══ Data

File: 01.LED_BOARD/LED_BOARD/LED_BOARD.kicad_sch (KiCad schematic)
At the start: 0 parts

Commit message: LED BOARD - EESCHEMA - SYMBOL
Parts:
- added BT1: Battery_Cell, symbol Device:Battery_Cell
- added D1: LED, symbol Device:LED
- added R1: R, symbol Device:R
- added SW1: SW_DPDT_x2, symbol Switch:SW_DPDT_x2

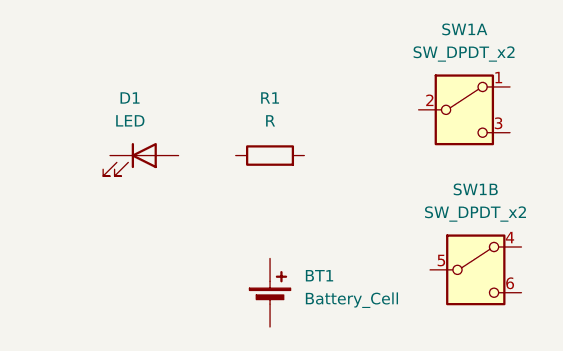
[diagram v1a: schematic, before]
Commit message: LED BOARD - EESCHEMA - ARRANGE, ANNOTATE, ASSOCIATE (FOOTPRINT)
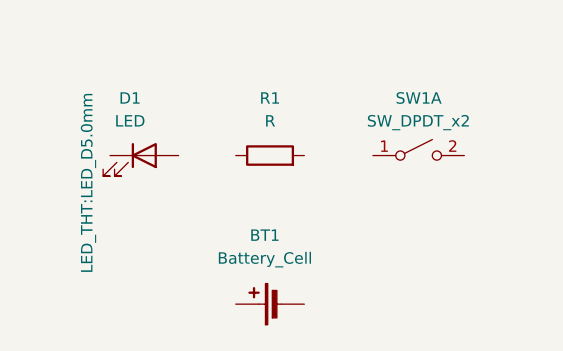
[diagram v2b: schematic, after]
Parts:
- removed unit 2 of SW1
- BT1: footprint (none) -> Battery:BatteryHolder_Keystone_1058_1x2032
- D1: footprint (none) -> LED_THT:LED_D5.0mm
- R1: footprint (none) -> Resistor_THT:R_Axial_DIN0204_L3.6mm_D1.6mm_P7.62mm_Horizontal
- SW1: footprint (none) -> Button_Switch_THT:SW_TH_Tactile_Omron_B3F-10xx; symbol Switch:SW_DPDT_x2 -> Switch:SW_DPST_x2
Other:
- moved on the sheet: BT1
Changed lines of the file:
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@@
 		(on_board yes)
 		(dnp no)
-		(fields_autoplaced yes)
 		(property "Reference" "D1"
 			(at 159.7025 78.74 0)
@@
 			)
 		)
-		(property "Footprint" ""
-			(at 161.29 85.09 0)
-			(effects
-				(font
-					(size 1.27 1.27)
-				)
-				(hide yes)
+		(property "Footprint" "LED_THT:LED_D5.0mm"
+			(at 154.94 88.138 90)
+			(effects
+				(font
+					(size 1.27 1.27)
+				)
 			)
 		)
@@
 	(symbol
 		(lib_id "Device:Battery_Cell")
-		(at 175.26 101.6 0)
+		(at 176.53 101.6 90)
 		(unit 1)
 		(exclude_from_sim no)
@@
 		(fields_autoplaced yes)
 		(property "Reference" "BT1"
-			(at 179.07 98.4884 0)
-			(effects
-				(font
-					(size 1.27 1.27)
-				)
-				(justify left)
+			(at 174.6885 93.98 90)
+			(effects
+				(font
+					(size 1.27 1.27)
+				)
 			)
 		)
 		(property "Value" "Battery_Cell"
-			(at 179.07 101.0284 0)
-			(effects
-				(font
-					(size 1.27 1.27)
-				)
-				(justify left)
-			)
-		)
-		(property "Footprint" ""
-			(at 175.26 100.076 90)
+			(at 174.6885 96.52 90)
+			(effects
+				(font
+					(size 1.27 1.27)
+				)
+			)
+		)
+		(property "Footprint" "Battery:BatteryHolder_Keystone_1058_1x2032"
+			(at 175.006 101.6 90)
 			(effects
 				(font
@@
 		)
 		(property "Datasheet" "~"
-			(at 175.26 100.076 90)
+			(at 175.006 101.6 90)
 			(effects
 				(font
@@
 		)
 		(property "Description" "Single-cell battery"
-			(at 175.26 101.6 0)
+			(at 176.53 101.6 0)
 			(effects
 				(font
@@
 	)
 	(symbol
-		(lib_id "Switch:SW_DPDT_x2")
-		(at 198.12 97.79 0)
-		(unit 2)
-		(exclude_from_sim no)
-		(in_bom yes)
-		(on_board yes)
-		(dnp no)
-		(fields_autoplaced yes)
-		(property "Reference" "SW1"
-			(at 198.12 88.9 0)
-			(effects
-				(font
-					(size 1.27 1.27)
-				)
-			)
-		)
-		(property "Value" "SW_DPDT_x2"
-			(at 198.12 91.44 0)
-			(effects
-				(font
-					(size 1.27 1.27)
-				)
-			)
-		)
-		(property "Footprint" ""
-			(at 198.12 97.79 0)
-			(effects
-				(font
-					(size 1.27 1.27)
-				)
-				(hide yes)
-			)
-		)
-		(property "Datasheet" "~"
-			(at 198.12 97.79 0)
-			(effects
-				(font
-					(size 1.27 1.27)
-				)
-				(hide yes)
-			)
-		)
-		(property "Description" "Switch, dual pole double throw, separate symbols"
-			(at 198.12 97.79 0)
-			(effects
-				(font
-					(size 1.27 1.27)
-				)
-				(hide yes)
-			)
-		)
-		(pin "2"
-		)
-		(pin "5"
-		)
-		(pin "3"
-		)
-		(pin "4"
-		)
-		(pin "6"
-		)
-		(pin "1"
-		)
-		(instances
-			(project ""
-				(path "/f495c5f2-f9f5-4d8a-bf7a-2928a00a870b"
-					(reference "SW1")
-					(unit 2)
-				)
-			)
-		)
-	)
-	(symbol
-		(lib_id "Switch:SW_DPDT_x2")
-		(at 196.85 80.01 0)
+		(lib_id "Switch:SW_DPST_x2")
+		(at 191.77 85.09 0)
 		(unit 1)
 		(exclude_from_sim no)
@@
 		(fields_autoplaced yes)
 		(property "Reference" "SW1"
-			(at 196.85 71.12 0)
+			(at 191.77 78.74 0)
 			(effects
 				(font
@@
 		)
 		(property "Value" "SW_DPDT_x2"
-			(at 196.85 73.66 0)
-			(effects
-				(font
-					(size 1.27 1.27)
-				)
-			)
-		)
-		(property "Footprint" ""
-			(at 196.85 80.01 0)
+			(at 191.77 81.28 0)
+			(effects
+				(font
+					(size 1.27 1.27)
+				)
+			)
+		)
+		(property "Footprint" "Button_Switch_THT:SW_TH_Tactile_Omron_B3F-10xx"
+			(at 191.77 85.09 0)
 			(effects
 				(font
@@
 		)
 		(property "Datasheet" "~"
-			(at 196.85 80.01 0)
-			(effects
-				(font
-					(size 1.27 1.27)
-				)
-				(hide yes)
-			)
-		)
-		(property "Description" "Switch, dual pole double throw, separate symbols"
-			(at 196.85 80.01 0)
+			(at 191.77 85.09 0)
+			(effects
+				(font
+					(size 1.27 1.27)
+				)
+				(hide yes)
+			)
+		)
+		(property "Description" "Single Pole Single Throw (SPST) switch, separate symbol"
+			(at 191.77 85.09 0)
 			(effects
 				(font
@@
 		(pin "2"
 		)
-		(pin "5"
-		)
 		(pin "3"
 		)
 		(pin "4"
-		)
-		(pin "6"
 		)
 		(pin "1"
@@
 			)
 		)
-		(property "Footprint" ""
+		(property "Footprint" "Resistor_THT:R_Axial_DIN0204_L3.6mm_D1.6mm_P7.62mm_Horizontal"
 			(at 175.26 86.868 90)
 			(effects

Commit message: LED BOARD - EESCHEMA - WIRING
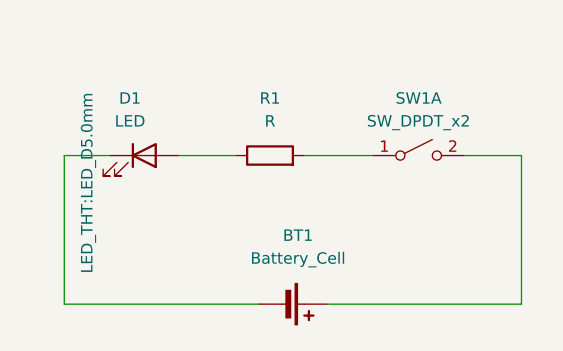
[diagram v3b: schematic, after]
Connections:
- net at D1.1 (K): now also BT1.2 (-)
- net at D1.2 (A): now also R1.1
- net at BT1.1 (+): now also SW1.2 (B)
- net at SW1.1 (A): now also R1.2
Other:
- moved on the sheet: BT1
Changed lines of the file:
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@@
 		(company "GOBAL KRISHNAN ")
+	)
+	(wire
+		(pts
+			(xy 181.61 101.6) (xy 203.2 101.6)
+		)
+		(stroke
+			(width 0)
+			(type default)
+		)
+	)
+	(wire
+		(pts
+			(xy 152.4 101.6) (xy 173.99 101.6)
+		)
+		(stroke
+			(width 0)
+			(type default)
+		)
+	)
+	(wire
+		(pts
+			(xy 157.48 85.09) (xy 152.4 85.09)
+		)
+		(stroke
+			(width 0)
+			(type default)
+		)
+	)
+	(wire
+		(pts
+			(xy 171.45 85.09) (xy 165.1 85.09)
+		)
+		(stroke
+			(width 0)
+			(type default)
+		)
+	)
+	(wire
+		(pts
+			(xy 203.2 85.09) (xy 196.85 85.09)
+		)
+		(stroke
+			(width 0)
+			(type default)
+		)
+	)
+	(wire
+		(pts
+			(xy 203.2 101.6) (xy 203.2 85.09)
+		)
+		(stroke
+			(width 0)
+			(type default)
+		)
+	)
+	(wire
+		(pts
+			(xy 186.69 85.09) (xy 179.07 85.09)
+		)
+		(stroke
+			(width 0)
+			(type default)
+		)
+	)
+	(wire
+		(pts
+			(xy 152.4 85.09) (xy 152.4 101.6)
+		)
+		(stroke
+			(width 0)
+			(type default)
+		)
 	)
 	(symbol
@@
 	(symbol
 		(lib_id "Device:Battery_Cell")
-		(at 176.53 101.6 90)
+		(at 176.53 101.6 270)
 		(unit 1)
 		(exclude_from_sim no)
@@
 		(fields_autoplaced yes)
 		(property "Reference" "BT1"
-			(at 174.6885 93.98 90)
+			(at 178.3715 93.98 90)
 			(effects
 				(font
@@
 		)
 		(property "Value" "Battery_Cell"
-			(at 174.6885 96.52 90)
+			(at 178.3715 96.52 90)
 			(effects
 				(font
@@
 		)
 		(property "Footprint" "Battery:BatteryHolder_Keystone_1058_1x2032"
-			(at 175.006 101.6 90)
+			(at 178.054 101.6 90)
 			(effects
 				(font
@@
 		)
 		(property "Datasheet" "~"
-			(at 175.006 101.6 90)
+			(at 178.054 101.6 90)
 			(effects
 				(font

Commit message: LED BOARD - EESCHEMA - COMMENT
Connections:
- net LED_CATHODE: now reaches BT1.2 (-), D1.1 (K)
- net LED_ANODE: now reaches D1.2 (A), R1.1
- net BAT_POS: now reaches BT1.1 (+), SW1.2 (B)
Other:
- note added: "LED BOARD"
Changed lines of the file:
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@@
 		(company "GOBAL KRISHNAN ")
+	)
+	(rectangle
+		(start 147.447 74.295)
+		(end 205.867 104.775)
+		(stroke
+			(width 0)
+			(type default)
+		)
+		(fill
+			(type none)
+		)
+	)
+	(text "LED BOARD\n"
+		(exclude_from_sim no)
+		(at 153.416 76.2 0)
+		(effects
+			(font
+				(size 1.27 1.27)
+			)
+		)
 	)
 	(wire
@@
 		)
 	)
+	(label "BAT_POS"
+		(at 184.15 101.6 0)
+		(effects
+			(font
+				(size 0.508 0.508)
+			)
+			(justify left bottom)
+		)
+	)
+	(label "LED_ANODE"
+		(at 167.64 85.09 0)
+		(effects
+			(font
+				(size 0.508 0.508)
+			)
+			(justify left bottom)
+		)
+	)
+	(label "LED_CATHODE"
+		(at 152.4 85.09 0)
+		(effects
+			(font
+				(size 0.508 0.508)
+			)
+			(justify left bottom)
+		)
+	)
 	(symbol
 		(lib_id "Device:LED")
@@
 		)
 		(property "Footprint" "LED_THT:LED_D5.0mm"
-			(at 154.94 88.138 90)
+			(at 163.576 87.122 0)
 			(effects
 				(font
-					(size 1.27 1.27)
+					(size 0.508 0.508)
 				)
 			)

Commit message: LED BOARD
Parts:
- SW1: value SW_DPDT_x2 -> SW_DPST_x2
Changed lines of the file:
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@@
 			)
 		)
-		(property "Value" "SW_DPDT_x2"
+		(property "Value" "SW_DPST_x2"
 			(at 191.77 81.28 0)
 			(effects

════

Only a number is wanted here: how many lines of the records above contain "Commit".

5